Dafür müssten die Bürger frühzeitig in entsprechende Planungen einbezogen werden, aber auch materielle Vorteile von Solarparks vor ihrer Haustür haben – etwa in Form von günstigem Solarstrom: "Wenn die Menschen merken, dass es zu ihrer eigenen Entlastung im Geldbeutel führt, dann wird die Akzeptanz am schnellsten steigen", sagt Steinbach. Trotzdem gehe er davon aus, dass es auch weiterhin Konflikte geben werde, die nur im Kompromiss zu lösen seien: "Es muss einen Ausgleich geben zwischen Menschen, die eine Fläche als Natur erhalten wollen, und denen, die sich der Aufgabe der Klimaneutralität stellen", so der Minister.

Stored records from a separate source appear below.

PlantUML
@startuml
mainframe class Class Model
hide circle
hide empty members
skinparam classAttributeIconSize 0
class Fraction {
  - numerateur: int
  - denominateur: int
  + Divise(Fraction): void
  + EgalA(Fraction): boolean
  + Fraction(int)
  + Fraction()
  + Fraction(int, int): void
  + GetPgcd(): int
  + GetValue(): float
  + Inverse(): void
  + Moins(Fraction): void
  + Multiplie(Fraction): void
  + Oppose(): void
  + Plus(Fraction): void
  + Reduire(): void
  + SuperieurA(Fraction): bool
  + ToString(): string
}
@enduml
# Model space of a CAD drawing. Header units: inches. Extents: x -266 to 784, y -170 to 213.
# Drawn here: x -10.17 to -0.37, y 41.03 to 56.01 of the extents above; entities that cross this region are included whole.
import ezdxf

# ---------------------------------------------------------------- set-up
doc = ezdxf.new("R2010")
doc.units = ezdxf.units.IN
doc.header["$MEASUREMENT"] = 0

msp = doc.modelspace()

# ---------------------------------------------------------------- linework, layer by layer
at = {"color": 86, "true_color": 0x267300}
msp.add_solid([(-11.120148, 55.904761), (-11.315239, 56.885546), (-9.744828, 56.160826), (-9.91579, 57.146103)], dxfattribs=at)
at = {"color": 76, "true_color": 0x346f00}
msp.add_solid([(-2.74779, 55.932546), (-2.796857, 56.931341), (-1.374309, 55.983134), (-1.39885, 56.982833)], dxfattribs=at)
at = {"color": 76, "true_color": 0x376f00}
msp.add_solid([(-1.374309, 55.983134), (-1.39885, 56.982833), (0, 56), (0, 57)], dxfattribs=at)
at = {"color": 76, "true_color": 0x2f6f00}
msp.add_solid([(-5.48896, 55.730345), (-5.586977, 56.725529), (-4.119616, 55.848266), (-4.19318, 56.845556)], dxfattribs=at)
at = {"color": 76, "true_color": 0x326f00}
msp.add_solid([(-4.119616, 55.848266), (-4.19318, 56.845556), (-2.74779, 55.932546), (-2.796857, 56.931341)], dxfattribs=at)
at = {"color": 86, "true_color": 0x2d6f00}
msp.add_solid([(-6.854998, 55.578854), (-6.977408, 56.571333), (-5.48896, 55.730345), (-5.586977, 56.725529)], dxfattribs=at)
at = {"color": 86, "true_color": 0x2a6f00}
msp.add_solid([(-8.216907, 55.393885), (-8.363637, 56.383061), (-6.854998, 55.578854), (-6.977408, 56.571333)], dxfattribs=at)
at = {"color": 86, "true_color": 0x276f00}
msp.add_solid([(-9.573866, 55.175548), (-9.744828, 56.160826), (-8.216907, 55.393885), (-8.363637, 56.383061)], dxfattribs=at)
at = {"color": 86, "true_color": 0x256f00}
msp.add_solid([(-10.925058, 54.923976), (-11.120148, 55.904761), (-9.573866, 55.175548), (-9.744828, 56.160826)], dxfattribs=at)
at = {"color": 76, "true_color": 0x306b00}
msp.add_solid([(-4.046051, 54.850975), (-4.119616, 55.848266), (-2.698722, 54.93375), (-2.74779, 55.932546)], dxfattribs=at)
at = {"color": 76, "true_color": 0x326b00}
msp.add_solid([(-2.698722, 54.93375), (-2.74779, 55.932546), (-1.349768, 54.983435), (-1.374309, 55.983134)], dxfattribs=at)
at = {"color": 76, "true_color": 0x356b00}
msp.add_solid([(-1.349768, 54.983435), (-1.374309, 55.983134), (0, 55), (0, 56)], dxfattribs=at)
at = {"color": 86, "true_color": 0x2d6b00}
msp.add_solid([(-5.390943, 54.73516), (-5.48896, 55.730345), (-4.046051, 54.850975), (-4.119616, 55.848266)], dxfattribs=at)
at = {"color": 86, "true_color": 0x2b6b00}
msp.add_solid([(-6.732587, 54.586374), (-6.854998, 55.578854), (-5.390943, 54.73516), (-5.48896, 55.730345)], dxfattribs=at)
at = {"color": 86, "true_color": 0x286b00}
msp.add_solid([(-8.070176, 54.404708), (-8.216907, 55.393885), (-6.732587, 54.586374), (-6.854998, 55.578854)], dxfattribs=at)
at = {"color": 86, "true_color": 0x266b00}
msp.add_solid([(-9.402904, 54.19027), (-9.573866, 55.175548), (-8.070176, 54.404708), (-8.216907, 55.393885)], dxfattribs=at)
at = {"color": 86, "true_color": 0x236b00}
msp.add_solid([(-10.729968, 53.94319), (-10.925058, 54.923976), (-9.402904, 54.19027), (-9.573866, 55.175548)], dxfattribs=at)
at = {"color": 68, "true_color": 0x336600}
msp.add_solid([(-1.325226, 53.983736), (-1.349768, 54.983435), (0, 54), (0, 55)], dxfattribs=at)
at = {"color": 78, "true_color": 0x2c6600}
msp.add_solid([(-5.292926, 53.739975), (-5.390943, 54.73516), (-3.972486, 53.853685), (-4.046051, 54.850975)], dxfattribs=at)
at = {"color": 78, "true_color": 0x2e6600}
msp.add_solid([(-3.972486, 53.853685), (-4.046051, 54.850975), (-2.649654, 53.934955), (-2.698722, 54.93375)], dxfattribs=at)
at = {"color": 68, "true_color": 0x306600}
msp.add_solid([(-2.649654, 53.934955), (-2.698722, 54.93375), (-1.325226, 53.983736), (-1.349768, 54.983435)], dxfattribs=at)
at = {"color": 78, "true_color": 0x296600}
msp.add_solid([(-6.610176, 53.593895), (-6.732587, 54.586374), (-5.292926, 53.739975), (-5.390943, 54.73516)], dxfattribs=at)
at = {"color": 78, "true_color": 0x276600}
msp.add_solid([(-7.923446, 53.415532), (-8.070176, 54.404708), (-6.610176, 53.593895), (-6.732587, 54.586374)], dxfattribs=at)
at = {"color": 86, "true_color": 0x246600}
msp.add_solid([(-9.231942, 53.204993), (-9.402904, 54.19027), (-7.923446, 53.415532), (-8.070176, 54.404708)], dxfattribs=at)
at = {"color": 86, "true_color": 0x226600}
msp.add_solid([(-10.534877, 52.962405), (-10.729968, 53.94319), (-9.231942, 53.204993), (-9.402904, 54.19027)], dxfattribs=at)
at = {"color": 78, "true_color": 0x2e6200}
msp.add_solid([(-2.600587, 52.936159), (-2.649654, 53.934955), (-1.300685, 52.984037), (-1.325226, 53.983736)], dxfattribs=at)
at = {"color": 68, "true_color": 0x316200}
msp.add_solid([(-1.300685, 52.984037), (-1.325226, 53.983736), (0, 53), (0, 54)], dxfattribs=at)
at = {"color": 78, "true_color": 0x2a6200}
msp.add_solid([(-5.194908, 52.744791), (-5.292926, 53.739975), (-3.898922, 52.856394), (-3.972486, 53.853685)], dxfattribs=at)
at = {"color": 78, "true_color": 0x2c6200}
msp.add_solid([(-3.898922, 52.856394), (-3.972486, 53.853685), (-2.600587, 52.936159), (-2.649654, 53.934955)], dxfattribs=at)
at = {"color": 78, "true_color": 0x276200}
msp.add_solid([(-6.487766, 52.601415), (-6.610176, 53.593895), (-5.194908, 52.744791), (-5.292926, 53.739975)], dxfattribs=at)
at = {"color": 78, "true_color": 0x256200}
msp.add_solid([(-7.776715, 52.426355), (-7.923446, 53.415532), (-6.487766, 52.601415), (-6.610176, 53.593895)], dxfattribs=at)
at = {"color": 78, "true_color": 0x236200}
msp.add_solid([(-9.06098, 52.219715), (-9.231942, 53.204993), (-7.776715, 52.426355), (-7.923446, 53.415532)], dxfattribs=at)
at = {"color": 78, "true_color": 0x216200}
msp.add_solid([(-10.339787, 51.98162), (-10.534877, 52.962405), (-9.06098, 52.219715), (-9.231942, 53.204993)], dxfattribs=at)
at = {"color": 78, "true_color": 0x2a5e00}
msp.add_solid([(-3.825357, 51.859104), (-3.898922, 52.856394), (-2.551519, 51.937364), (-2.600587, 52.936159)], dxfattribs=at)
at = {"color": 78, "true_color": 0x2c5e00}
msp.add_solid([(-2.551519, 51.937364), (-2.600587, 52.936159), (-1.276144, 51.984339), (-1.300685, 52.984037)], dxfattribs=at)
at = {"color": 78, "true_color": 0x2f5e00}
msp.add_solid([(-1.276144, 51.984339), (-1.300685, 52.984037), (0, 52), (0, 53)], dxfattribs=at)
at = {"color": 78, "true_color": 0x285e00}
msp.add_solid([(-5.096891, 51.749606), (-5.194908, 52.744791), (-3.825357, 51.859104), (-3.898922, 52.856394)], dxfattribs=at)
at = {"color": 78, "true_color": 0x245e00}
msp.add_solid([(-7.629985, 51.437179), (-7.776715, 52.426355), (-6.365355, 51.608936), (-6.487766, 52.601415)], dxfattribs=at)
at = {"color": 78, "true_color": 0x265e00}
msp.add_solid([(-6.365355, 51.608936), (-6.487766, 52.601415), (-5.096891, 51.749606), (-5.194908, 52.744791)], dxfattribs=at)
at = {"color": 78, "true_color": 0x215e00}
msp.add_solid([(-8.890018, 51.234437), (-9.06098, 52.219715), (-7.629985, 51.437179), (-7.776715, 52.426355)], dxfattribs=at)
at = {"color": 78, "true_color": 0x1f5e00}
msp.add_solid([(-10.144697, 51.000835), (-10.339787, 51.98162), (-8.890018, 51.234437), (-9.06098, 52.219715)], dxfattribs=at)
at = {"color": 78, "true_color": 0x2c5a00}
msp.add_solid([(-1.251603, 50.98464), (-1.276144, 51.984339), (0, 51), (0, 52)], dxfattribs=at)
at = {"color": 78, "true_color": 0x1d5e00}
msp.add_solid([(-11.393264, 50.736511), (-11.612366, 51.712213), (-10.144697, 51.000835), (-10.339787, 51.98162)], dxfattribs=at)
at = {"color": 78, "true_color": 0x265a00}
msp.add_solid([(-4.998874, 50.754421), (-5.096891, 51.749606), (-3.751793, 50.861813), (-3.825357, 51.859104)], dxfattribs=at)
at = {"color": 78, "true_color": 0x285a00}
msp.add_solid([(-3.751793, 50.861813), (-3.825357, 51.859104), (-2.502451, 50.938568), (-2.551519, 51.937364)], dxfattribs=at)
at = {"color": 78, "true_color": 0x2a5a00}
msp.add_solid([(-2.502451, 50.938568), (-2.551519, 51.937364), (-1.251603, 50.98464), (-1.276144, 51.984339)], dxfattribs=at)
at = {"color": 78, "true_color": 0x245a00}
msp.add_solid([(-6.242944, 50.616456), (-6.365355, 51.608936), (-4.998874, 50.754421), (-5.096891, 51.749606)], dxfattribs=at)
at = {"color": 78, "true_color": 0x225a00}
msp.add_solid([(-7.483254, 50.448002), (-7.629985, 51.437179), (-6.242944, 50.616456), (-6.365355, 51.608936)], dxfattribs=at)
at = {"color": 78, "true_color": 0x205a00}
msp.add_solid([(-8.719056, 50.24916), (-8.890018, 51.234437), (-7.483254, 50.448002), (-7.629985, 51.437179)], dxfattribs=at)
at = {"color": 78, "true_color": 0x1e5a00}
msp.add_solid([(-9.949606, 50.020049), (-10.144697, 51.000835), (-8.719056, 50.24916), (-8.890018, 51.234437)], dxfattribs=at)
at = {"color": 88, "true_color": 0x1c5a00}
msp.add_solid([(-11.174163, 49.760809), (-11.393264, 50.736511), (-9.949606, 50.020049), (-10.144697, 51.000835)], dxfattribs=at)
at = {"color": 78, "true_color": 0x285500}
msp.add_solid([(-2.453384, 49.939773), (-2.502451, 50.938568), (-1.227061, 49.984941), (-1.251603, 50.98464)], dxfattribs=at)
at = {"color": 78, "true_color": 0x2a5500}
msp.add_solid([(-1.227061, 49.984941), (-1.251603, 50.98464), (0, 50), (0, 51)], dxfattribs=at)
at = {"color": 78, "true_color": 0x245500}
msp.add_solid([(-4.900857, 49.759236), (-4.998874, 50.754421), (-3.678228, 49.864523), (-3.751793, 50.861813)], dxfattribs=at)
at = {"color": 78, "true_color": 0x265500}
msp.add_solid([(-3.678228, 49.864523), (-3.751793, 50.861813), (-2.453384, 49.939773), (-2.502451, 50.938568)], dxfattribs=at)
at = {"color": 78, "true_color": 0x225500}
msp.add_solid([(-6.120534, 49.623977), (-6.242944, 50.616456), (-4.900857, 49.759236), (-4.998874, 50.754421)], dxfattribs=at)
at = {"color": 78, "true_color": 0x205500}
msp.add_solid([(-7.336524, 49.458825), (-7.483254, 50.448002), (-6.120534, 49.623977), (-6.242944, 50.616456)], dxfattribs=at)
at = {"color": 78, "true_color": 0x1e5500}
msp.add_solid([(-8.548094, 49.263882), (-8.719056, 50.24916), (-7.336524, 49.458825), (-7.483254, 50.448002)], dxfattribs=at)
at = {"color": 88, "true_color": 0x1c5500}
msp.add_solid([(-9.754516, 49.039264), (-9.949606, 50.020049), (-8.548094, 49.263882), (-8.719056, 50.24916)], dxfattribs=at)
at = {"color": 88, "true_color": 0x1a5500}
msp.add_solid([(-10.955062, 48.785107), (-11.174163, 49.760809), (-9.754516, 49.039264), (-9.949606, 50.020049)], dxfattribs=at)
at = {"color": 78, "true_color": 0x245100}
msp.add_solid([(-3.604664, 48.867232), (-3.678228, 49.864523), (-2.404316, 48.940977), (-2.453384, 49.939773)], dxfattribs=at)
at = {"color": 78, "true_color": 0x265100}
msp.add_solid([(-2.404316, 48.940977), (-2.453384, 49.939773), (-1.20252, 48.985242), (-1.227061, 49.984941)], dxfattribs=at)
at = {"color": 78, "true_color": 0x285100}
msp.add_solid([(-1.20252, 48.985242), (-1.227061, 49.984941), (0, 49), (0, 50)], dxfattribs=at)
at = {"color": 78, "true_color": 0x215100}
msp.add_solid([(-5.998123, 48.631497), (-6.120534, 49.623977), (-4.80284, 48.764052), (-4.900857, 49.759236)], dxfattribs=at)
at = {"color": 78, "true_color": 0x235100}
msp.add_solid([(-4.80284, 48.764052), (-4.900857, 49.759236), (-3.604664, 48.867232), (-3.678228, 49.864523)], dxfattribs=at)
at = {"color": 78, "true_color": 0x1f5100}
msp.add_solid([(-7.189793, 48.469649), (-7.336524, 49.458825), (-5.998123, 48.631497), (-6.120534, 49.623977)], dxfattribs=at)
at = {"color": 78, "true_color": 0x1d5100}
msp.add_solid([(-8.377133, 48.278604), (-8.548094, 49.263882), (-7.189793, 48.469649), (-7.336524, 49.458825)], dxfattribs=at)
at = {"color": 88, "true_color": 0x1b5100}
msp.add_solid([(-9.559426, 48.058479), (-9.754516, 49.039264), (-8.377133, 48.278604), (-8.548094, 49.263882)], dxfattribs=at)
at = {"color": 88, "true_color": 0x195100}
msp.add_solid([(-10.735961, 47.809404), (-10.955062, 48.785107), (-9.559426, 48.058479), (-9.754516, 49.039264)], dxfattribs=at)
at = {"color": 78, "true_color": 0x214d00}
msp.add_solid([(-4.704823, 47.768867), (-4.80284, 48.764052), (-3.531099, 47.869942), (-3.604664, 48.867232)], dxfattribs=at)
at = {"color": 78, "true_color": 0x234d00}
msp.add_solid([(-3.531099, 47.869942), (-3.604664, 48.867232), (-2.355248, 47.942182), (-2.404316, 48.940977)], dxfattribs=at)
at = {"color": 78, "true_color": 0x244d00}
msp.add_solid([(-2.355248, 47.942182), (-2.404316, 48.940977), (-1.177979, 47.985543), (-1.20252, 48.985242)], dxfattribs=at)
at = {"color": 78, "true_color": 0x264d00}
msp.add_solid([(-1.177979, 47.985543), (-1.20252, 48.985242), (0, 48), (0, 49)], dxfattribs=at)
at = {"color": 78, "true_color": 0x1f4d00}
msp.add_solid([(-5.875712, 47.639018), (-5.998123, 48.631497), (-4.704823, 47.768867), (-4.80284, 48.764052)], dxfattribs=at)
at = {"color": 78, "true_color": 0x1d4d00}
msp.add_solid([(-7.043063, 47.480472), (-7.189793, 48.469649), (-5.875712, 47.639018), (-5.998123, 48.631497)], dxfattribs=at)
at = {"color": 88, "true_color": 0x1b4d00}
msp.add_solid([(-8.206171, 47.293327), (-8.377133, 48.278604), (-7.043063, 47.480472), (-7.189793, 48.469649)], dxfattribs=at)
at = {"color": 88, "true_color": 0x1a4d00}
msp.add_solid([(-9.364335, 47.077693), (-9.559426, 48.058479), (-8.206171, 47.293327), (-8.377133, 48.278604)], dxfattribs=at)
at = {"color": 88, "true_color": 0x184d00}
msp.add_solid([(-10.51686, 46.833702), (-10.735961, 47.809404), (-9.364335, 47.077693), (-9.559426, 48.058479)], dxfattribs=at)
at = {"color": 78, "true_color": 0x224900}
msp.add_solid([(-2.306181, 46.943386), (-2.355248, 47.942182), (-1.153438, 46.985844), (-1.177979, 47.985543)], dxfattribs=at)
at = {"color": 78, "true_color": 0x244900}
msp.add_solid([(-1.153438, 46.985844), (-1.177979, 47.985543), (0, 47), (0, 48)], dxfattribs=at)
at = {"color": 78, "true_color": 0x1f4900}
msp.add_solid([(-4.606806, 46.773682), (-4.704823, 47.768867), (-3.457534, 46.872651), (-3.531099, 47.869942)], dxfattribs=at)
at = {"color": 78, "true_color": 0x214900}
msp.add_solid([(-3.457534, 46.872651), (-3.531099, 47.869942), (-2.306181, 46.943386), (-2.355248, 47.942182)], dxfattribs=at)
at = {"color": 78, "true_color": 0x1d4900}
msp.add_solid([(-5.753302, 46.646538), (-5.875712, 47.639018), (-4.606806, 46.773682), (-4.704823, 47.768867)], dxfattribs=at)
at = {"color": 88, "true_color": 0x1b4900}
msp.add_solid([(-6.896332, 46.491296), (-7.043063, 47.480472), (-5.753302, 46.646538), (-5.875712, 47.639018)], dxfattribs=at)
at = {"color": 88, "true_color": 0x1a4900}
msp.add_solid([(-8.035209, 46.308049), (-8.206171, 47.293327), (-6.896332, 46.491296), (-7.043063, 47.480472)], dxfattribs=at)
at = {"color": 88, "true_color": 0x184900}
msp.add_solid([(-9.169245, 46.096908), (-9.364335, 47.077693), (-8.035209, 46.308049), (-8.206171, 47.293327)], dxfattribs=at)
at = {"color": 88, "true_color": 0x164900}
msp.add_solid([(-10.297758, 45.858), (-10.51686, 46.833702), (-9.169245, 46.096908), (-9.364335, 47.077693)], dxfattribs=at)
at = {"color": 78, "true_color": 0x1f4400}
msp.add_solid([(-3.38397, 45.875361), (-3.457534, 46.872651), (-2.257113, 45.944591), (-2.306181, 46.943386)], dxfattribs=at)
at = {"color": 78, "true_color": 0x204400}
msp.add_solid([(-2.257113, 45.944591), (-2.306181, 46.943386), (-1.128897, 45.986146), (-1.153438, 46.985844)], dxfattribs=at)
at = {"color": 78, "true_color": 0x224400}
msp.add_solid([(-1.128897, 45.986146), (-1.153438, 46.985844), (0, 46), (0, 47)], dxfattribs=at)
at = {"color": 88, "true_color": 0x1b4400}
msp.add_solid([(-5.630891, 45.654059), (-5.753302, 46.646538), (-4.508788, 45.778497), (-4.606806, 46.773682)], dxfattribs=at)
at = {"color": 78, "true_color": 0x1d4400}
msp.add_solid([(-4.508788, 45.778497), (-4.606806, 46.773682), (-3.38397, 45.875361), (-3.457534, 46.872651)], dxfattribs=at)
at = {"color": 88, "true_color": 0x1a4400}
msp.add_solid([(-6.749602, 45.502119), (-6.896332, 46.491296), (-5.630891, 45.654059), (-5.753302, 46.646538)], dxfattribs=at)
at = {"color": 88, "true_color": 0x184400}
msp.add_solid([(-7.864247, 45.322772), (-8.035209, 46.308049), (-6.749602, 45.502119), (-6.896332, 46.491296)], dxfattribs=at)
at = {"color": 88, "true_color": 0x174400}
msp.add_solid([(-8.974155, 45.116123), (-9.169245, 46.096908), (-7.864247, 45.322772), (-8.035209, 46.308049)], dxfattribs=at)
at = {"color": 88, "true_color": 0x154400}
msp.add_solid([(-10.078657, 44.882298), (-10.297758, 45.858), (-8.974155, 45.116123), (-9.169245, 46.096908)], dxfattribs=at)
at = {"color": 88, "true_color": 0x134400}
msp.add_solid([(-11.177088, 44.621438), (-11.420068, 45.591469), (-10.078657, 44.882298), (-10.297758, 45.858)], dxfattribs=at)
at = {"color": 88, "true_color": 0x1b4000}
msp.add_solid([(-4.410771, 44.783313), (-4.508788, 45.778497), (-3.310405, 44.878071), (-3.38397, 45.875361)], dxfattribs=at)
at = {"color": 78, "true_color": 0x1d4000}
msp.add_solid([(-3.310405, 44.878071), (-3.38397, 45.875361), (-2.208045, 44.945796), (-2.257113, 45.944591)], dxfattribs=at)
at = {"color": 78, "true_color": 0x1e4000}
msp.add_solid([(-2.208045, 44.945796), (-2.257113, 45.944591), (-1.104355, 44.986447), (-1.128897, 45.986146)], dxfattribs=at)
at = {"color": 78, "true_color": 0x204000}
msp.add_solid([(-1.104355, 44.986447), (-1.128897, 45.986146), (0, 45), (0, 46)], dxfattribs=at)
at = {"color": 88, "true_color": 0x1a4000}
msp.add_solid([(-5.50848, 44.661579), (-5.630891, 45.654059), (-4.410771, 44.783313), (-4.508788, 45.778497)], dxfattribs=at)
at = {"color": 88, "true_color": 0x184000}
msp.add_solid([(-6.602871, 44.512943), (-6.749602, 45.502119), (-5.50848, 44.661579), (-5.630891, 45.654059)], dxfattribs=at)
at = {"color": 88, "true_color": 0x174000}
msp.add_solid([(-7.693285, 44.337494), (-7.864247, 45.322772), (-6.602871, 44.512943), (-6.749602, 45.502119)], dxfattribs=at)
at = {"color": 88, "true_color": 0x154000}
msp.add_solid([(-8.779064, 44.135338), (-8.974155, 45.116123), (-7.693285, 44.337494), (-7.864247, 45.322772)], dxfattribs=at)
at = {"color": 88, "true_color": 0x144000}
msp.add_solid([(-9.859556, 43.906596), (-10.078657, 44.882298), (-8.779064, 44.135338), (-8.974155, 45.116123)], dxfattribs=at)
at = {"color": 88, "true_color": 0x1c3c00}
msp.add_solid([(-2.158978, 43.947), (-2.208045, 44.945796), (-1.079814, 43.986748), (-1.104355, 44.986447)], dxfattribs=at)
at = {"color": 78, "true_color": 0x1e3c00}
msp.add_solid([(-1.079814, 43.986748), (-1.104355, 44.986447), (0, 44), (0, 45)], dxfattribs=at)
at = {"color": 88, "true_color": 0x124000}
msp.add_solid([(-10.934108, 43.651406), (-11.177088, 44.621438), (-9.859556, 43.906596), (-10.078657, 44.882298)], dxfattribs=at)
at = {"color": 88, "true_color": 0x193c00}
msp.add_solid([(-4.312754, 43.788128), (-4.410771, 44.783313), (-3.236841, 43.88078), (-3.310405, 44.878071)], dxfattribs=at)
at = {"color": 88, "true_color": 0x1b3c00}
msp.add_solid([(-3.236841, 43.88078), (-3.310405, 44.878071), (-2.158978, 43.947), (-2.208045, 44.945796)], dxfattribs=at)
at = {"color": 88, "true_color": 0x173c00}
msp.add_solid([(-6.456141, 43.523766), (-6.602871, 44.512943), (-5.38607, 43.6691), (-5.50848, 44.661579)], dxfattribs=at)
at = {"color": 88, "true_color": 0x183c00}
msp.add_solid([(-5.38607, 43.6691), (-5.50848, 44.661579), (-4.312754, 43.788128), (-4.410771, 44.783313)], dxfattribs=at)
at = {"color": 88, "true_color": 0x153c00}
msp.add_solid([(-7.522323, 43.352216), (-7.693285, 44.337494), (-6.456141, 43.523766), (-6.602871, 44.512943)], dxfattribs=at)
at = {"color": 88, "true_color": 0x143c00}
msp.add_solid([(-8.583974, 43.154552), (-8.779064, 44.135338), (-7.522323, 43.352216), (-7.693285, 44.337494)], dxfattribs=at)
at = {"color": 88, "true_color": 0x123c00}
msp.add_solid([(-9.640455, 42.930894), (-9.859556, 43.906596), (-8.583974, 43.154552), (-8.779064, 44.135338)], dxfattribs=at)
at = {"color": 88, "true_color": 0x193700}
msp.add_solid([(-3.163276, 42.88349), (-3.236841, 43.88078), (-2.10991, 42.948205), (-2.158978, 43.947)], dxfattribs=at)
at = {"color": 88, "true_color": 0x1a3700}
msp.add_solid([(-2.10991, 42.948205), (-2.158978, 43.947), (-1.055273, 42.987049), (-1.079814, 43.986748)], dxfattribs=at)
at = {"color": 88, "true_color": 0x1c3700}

Solarpark Tempelfelde frühestens 2025 am Netz
Ob dieser Ausgleich in der Gemeinde Sydower Fließ gelingt, ist noch nicht klar. Das Genehmigungsverfahren geht nun in die dritte Runde. Pferdehofbetreiberin Juliane Uhlig kündigt an, auch weiterhin Einwendungen gegen den Solarpark verfassen und notfalls dagegen klagen zu wollen. Bürgermeisterin Simone Krauskopf setzt auf die Wirkung materieller Anreize: "Akzeptanz ist nur möglich, wenn die Leute sagen können: Der Strom wird hier produziert, und den Strom kriege ich aus meiner Steckdose für kleineres Geld als alle anderen."
Für den Solarpark Tempelfelde kämen solche Anreize wohl zu spät, der Konflikt hat das Projekt schon um mehr als zwei Jahre zurückgeworfen. Im günstigsten Fall könnte hier ab 2025 grüner Strom erzeugt werden – fünf Jahre nach Beginn der Planung.